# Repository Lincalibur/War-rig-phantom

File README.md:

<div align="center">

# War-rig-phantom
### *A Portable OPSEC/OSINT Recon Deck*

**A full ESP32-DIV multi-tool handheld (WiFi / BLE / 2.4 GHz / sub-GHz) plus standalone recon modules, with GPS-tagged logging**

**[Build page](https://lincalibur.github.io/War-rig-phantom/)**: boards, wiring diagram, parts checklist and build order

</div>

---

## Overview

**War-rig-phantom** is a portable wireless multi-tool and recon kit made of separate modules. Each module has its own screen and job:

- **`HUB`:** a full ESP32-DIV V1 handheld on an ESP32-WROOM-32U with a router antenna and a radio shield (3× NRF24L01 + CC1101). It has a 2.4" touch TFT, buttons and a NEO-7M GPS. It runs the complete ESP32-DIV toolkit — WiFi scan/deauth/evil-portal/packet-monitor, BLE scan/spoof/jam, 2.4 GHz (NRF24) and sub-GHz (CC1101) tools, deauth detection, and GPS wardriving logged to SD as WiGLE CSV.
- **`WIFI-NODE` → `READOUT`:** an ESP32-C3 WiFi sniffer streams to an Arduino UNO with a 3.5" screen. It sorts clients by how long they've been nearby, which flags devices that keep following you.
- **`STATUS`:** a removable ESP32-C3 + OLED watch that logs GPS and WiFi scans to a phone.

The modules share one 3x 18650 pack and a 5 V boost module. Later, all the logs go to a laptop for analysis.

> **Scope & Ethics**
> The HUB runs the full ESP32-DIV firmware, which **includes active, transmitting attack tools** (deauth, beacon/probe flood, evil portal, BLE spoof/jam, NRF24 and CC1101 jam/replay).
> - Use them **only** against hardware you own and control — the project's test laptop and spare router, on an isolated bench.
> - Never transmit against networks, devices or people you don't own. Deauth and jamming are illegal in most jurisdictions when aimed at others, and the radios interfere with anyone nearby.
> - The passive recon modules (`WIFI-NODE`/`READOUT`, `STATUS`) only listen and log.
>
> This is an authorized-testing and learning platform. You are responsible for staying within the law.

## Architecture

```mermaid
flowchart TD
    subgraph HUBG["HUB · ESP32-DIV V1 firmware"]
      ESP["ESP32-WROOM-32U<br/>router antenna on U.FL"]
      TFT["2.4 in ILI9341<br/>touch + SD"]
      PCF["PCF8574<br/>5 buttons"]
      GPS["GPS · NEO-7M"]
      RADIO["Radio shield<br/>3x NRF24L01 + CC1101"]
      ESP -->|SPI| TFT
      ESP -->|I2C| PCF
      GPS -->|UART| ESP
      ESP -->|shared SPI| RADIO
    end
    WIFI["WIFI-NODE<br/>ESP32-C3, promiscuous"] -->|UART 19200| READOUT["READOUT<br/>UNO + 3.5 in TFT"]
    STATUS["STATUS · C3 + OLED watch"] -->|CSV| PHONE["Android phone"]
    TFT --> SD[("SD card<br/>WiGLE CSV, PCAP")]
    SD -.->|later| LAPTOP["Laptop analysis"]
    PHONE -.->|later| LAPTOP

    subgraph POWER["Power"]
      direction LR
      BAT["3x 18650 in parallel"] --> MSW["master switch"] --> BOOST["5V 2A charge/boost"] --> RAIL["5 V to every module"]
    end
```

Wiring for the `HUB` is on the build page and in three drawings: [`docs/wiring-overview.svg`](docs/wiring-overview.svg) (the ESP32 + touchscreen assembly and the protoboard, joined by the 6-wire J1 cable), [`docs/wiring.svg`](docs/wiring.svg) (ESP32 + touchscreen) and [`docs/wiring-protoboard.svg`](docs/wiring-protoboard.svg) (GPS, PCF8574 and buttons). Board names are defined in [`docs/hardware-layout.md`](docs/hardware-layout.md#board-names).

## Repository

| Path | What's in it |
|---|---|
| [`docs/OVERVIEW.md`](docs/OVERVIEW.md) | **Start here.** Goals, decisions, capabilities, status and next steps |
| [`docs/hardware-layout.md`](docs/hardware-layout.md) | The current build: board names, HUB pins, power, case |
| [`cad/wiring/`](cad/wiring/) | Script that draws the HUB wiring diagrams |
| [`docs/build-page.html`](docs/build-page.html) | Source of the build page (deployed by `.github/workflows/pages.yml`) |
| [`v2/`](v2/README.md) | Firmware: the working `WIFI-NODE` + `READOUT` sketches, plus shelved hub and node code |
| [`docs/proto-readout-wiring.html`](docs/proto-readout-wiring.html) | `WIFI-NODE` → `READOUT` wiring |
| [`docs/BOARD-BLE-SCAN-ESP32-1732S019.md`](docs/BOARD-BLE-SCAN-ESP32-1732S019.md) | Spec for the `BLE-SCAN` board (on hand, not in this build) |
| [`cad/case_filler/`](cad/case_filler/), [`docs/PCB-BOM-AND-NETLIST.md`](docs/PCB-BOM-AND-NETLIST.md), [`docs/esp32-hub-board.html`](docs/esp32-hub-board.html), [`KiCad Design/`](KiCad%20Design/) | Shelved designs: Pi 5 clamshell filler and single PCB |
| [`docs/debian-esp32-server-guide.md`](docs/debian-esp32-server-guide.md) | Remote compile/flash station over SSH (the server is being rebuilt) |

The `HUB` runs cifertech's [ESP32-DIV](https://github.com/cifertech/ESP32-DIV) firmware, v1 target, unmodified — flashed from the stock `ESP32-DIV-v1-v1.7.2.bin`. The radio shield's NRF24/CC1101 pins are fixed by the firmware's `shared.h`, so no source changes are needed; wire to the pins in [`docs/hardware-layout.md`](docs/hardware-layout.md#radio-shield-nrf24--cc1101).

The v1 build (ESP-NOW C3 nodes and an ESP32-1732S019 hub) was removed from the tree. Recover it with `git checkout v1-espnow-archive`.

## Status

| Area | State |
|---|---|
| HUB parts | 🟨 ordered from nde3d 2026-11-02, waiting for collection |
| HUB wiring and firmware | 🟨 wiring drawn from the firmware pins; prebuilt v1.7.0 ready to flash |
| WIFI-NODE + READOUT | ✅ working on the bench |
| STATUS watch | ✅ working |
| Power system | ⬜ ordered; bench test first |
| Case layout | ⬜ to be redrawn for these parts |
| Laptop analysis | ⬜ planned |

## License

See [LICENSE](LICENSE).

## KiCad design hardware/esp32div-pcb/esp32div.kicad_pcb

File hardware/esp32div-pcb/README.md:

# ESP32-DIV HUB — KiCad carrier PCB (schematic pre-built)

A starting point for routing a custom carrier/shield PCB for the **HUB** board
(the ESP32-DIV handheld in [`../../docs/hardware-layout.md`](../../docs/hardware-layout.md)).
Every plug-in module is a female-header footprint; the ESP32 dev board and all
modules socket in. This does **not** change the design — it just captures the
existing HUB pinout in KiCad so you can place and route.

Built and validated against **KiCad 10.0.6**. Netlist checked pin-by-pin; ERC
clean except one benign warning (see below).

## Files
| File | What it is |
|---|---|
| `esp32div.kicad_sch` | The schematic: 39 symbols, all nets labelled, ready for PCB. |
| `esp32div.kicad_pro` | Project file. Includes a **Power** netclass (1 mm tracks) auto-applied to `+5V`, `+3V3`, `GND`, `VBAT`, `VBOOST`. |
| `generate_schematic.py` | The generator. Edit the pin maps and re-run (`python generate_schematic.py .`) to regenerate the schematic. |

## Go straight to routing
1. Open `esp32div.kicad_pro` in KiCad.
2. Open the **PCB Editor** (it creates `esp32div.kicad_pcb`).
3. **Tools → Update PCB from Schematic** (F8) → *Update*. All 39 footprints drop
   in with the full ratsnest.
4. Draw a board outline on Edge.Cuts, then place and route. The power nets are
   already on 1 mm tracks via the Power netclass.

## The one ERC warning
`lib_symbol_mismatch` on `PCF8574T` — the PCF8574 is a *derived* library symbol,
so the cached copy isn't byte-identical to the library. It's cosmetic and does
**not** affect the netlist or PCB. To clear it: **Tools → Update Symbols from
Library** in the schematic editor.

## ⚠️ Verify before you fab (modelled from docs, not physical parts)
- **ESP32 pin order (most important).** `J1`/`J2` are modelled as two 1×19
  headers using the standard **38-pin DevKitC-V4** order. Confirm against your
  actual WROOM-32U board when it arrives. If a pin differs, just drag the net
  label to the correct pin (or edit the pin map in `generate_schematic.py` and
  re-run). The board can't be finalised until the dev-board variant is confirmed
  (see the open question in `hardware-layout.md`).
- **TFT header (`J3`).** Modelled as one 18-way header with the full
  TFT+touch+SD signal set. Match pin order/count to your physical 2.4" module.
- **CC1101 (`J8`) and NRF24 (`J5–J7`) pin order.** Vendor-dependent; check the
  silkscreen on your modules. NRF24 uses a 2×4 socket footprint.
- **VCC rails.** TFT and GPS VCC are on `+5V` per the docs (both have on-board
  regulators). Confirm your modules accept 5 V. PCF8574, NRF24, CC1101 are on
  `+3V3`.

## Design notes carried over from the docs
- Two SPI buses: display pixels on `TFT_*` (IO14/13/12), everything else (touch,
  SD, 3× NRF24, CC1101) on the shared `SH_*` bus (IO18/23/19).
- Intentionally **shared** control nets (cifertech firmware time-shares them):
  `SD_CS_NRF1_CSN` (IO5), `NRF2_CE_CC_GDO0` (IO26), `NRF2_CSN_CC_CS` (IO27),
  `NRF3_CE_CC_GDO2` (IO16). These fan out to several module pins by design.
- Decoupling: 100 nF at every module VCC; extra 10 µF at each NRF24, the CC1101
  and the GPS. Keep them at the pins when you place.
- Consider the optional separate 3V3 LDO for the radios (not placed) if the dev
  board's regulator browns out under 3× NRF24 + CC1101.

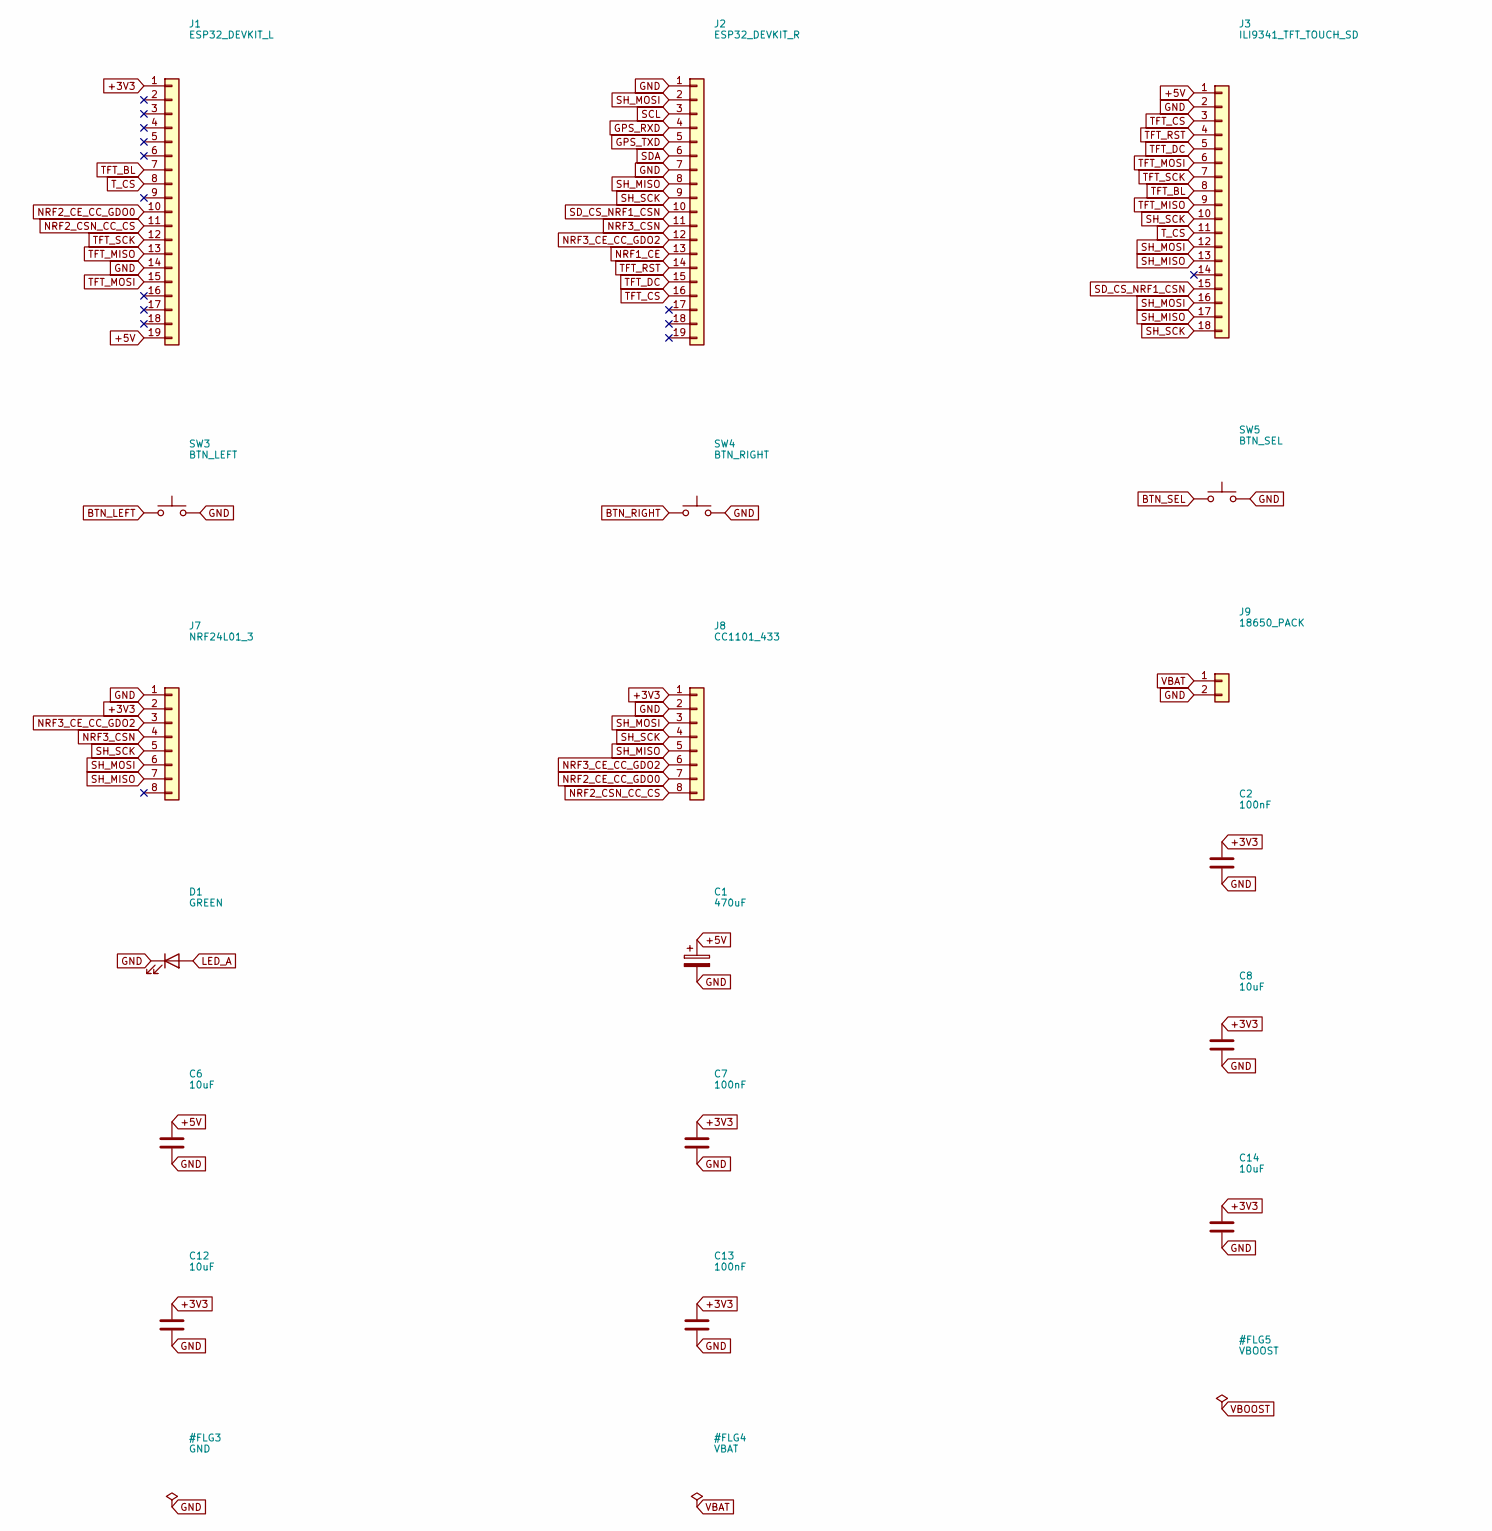
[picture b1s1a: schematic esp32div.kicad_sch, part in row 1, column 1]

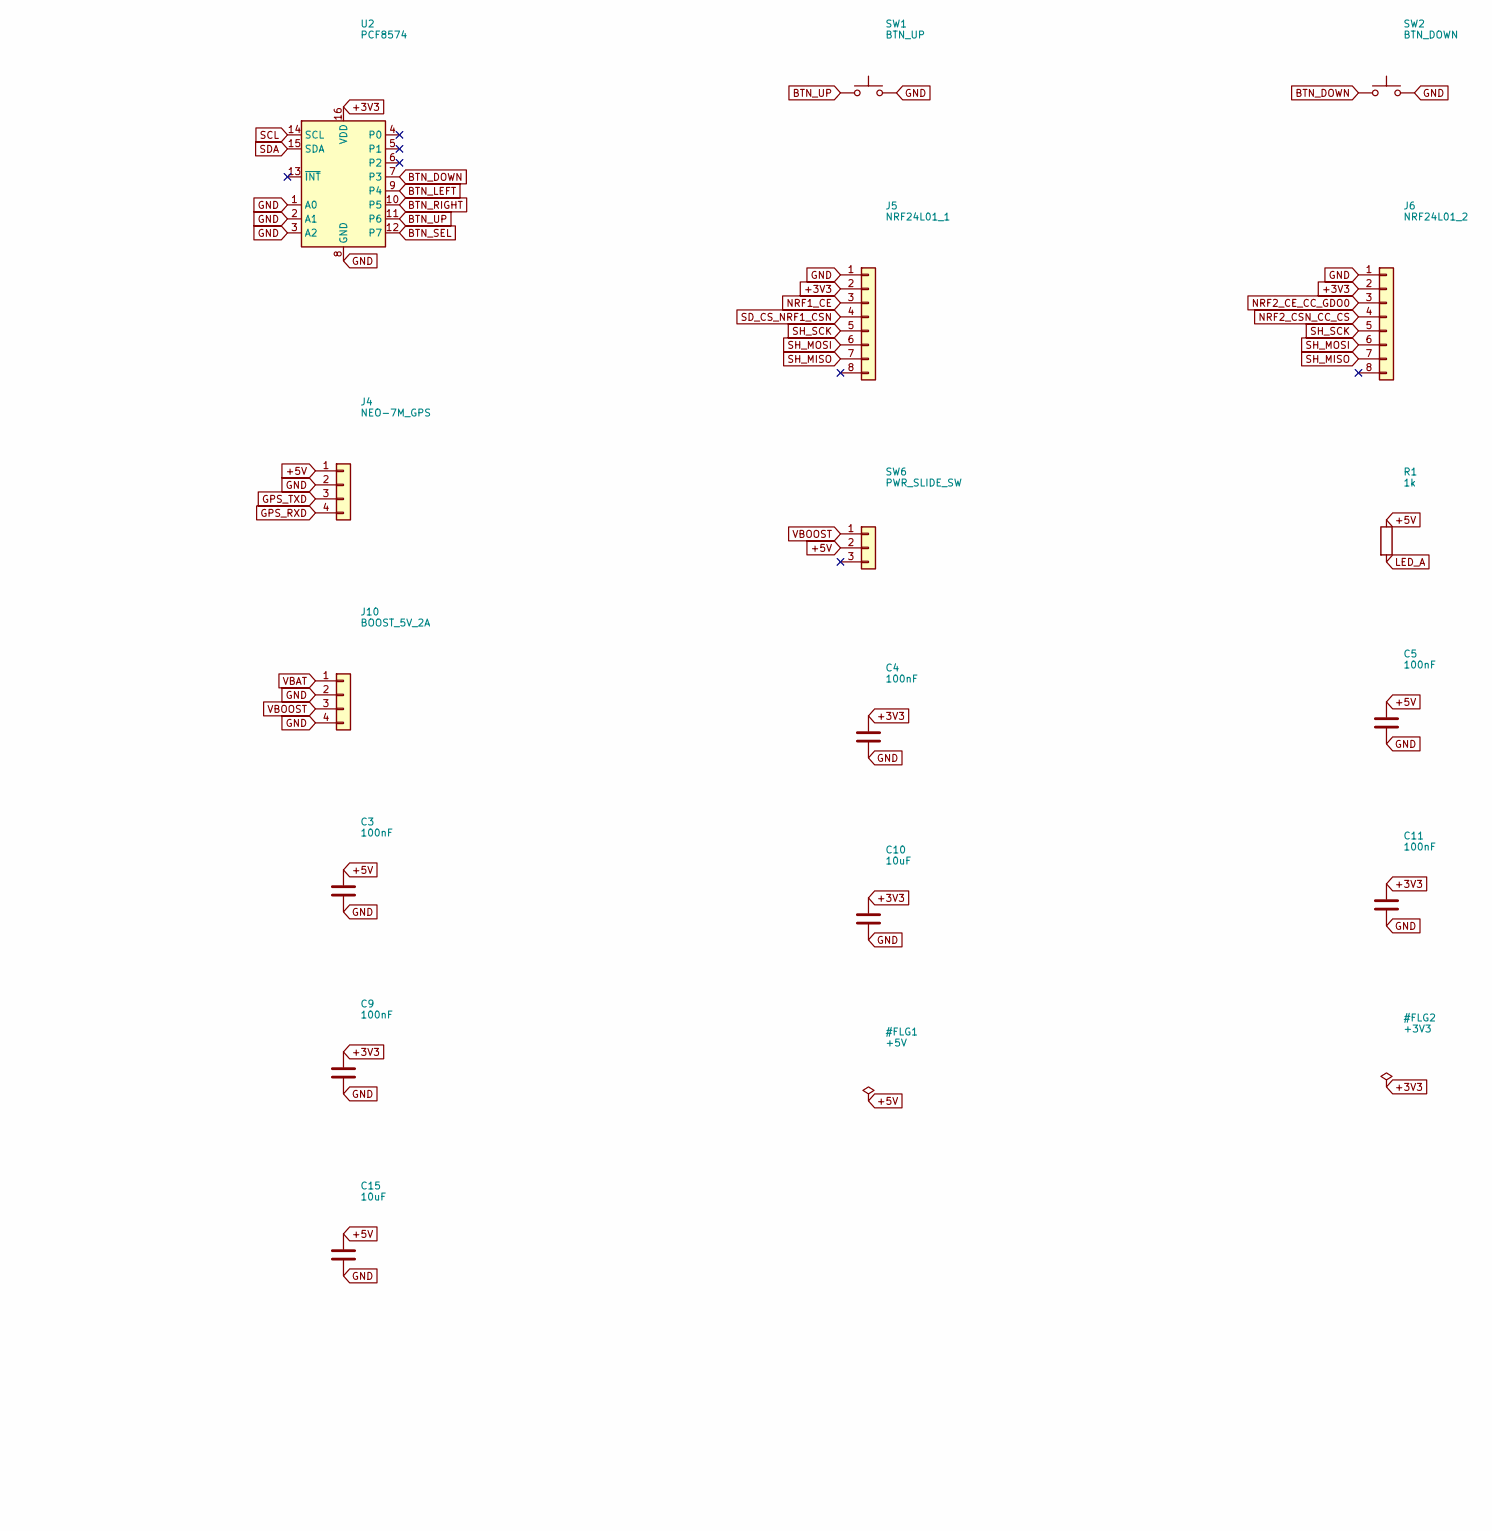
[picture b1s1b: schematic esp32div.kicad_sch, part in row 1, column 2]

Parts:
C1: 470uF; CP_Radial_D8.0mm_P3.50mm
C2, C3, C4, C5, C7, C9, C11, C13: 100nF; C_Disc_D5.0mm_W2.5mm_P5.00mm
C6, C8, C10, C12, C14, C15: 10uF; CP_Radial_D5.0mm_P2.50mm
D1: GREEN; LED_D3.0mm
J1: ESP32_DEVKIT_L; PinSocket_1x19_P2.54mm_Vertical
J2: ESP32_DEVKIT_R; PinSocket_1x19_P2.54mm_Vertical
J3: ILI9341_TFT_TOUCH_SD; PinSocket_1x18_P2.54mm_Vertical
J4: NEO-7M_GPS; PinSocket_1x04_P2.54mm_Vertical
J5: NRF24L01_1; PinSocket_2x04_P2.54mm_Vertical
J6: NRF24L01_2; PinSocket_2x04_P2.54mm_Vertical
J7: NRF24L01_3; PinSocket_2x04_P2.54mm_Vertical
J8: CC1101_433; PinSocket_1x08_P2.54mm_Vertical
____
Each line from the one that contains "[picture b1s1a: schematic" down to the one that contains "J3: ILI9341_TFT_TOUCH_SD; PinSocket_1x18_P2.54mm_Vertical" is to be returned exactly as it stands above, both ends included, with pictures removed.

[picture b1s1a: schematic esp32div.kicad_sch, part in row 1, column 1]

[picture b1s1b: schematic esp32div.kicad_sch, part in row 1, column 2]

Parts:
C1: 470uF; CP_Radial_D8.0mm_P3.50mm
C2, C3, C4, C5, C7, C9, C11, C13: 100nF; C_Disc_D5.0mm_W2.5mm_P5.00mm
C6, C8, C10, C12, C14, C15: 10uF; CP_Radial_D5.0mm_P2.50mm
D1: GREEN; LED_D3.0mm
J1: ESP32_DEVKIT_L; PinSocket_1x19_P2.54mm_Vertical
J2: ESP32_DEVKIT_R; PinSocket_1x19_P2.54mm_Vertical
J3: ILI9341_TFT_TOUCH_SD; PinSocket_1x18_P2.54mm_Vertical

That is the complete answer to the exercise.